Exercise data:
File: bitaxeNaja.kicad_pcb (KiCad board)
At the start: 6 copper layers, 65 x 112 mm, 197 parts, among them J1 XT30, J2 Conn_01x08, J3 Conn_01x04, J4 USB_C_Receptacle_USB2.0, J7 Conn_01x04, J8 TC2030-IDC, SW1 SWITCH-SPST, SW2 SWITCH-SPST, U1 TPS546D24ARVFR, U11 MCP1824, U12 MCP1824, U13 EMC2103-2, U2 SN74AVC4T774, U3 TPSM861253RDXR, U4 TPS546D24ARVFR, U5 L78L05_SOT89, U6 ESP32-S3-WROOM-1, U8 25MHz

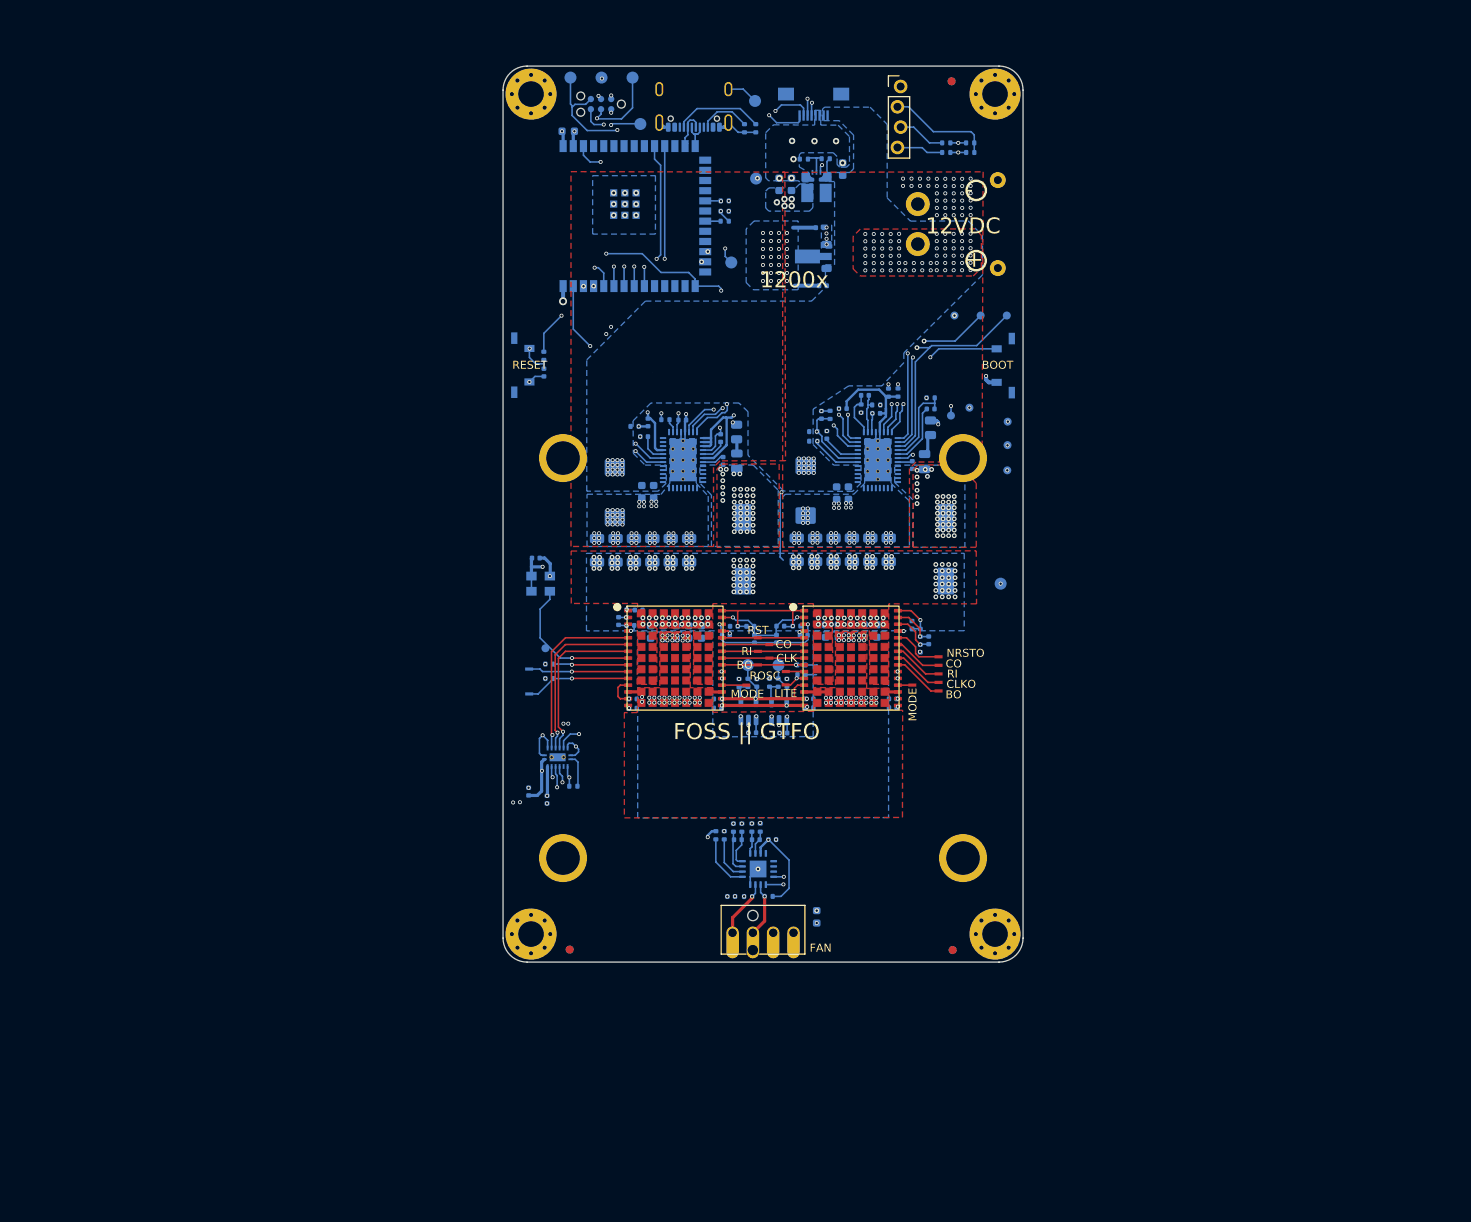
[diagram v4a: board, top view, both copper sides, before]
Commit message: switched to single phase TPS546D24 and put the ASICs in series.
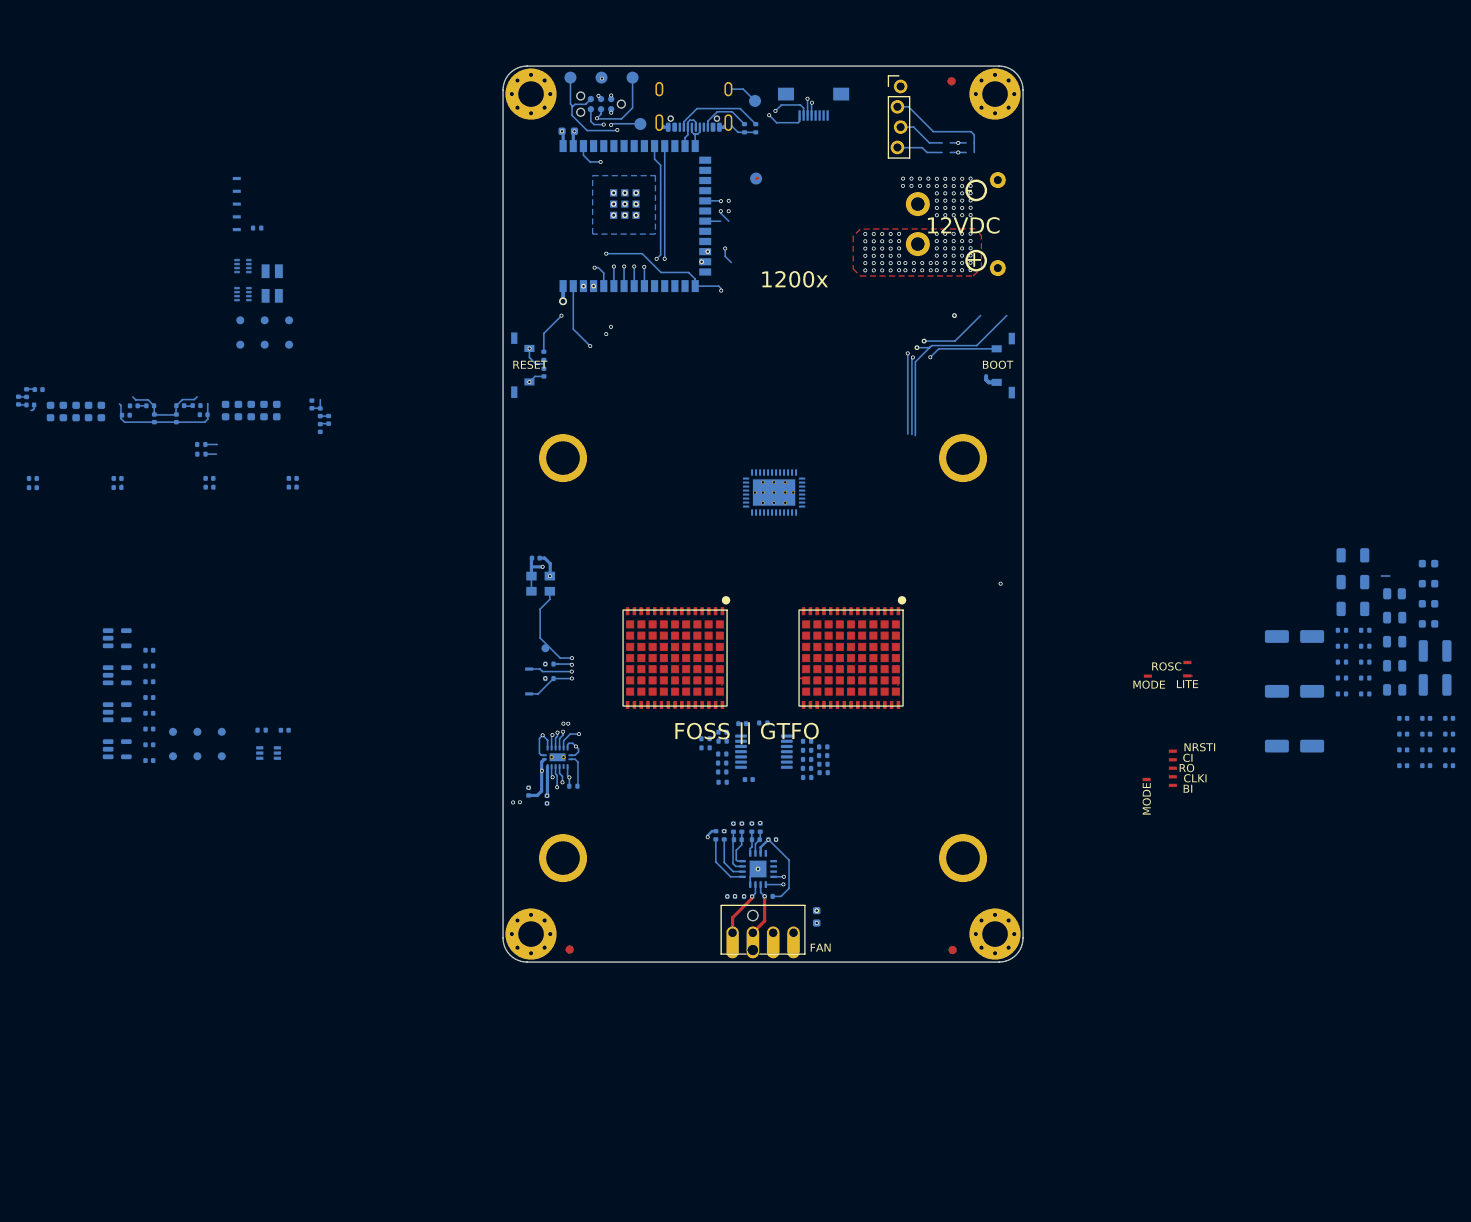
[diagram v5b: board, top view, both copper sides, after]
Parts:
- removed C20, C45: 33pF, Capacitor_SMD:C_0402_1005Metric
- removed C28: 0.1uF, Capacitor_SMD:C_0402_1005Metric
- removed C31, C32, C33: 100uF, Capacitor_SMD:C_1206_3216Metric
- removed C44: 10uF, Capacitor_SMD:C_0603_1608Metric
- removed C46, C47: 1uF, Capacitor_SMD:C_0402_1005Metric
- removed L1: 230nH, bitaxe:FP1107R1
- removed NT2: NetTie_2, bitaxe:NetTie-2_SMD_Pad0.2mmx1mm
- removed R1: 49.9, Resistor_SMD:R_0402_1005Metric
- removed R11: 46.4k, Resistor_SMD:R_0402_1005Metric
- removed R19: 10k, Resistor_SMD:R_0402_1005Metric
- removed R2: 1, Resistor_SMD:R_0805_2012Metric
- removed R21, R22, R40: 4.7k, Resistor_SMD:R_0402_1005Metric
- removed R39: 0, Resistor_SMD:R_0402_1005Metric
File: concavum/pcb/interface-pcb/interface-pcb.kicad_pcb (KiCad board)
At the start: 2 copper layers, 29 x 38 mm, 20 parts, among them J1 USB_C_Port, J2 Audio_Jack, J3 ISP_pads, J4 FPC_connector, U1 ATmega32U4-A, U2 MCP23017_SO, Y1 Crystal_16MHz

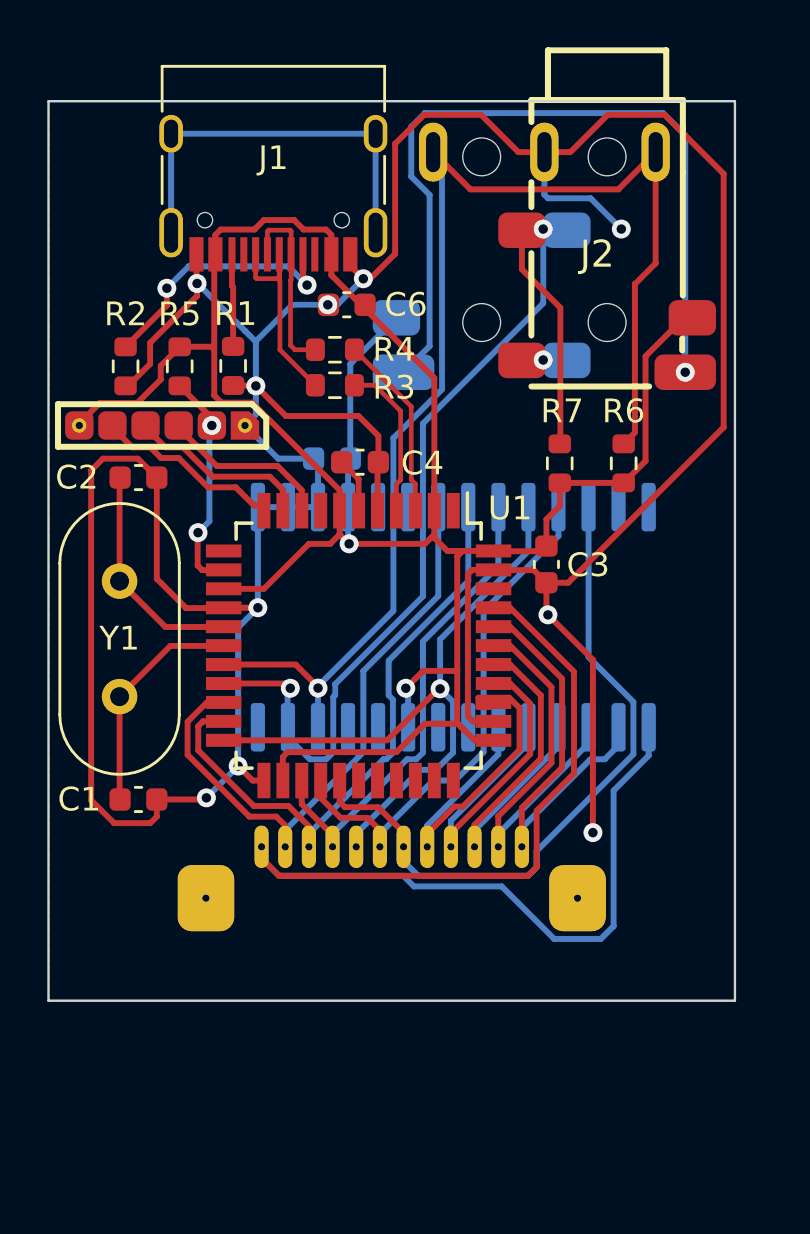
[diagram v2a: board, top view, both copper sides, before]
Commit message: Improve footprints
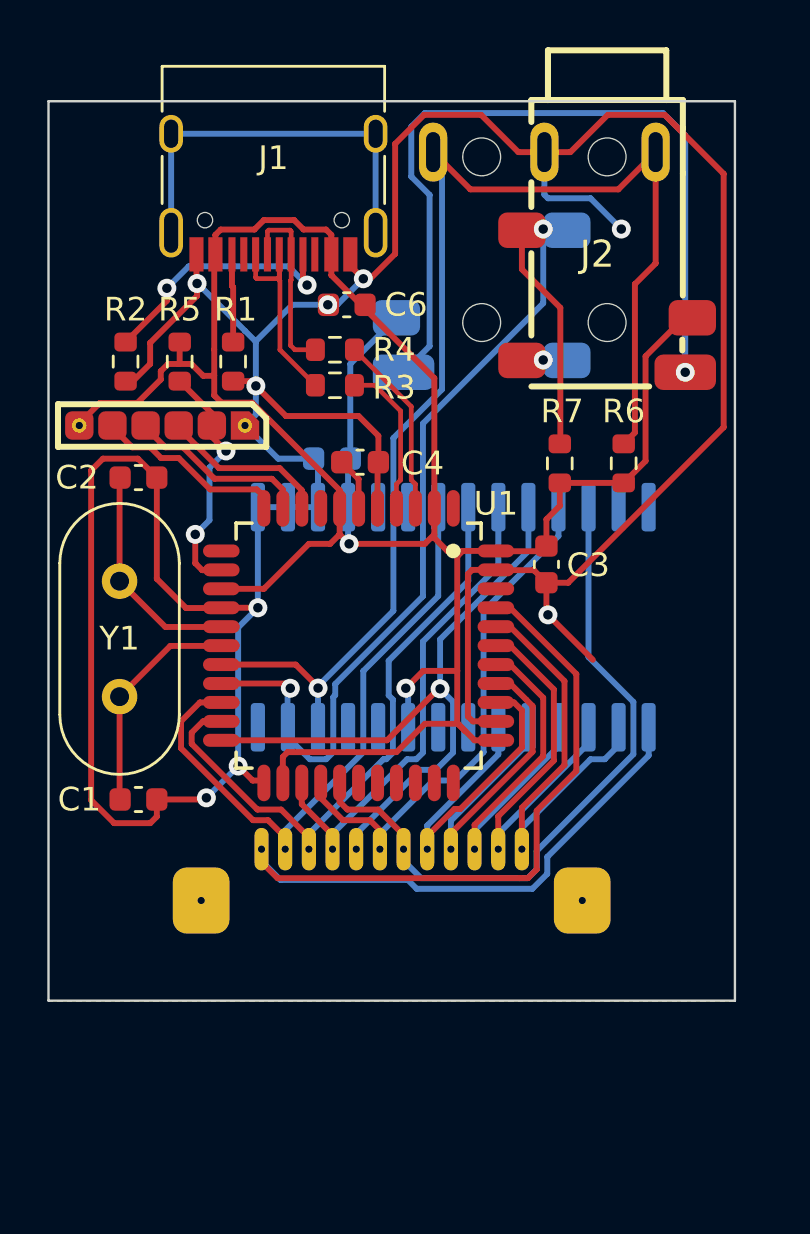
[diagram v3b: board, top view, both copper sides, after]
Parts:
- U1: footprint Package_QFP:TQFP-44_10x10mm_P0.8mm -> Custom:TQFP-44-Rounded-Pads
- moved R2 0.20 mm to (143.3, 91.0)
- moved R5 0.20 mm to (145.5, 91.0)
- moved R1 0.19 mm to (147.8, 91.0)
- moved J4 0.10 mm to (154.5, 111.6)
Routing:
- net GND: track 157.6 -> 150.3 mm, vias 10 -> 9
- net /ROW1: track 52.0 -> 47.5 mm
- net /ROW2: track 17.0 -> 16.0 mm
- net /RST: track 9.35 -> 10.1 mm
- net /COL6: track 28.8 -> 29.6 mm
- net +5V: track 104.9 -> 105.6 mm

Problem details: Could you give all the records again, exactly, minus the pictures?

Exercise response:
File: bitaxeNaja.kicad_pcb (KiCad board)
At the start: 6 copper layers, 65 x 112 mm, 197 parts, among them J1 XT30, J2 Conn_01x08, J3 Conn_01x04, J4 USB_C_Receptacle_USB2.0, J7 Conn_01x04, J8 TC2030-IDC, SW1 SWITCH-SPST, SW2 SWITCH-SPST, U1 TPS546D24ARVFR, U11 MCP1824, U12 MCP1824, U13 EMC2103-2, U2 SN74AVC4T774, U3 TPSM861253RDXR, U4 TPS546D24ARVFR, U5 L78L05_SOT89, U6 ESP32-S3-WROOM-1, U8 25MHz

[diagram v4a: board, top view, both copper sides, before]
Commit message: switched to single phase TPS546D24 and put the ASICs in series.
[diagram v5b: board, top view, both copper sides, after]
Parts:
- removed C20, C45: 33pF, Capacitor_SMD:C_0402_1005Metric
- removed C28: 0.1uF, Capacitor_SMD:C_0402_1005Metric
- removed C31, C32, C33: 100uF, Capacitor_SMD:C_1206_3216Metric
- removed C44: 10uF, Capacitor_SMD:C_0603_1608Metric
- removed C46, C47: 1uF, Capacitor_SMD:C_0402_1005Metric
- removed L1: 230nH, bitaxe:FP1107R1
- removed NT2: NetTie_2, bitaxe:NetTie-2_SMD_Pad0.2mmx1mm
- removed R1: 49.9, Resistor_SMD:R_0402_1005Metric
- removed R11: 46.4k, Resistor_SMD:R_0402_1005Metric
- removed R19: 10k, Resistor_SMD:R_0402_1005Metric
- removed R2: 1, Resistor_SMD:R_0805_2012Metric
- removed R21, R22, R40: 4.7k, Resistor_SMD:R_0402_1005Metric
- removed R39: 0, Resistor_SMD:R_0402_1005Metric
File: concavum/pcb/interface-pcb/interface-pcb.kicad_pcb (KiCad board)
At the start: 2 copper layers, 29 x 38 mm, 20 parts, among them J1 USB_C_Port, J2 Audio_Jack, J3 ISP_pads, J4 FPC_connector, U1 ATmega32U4-A, U2 MCP23017_SO, Y1 Crystal_16MHz

[diagram v2a: board, top view, both copper sides, before]
Commit message: Improve footprints
[diagram v3b: board, top view, both copper sides, after]
Parts:
- U1: footprint Package_QFP:TQFP-44_10x10mm_P0.8mm -> Custom:TQFP-44-Rounded-Pads
- moved R2 0.20 mm to (143.3, 91.0)
- moved R5 0.20 mm to (145.5, 91.0)
- moved R1 0.19 mm to (147.8, 91.0)
- moved J4 0.10 mm to (154.5, 111.6)
Routing:
- net GND: track 157.6 -> 150.3 mm, vias 10 -> 9
- net /ROW1: track 52.0 -> 47.5 mm
- net /ROW2: track 17.0 -> 16.0 mm
- net /RST: track 9.35 -> 10.1 mm
- net /COL6: track 28.8 -> 29.6 mm
- net +5V: track 104.9 -> 105.6 mm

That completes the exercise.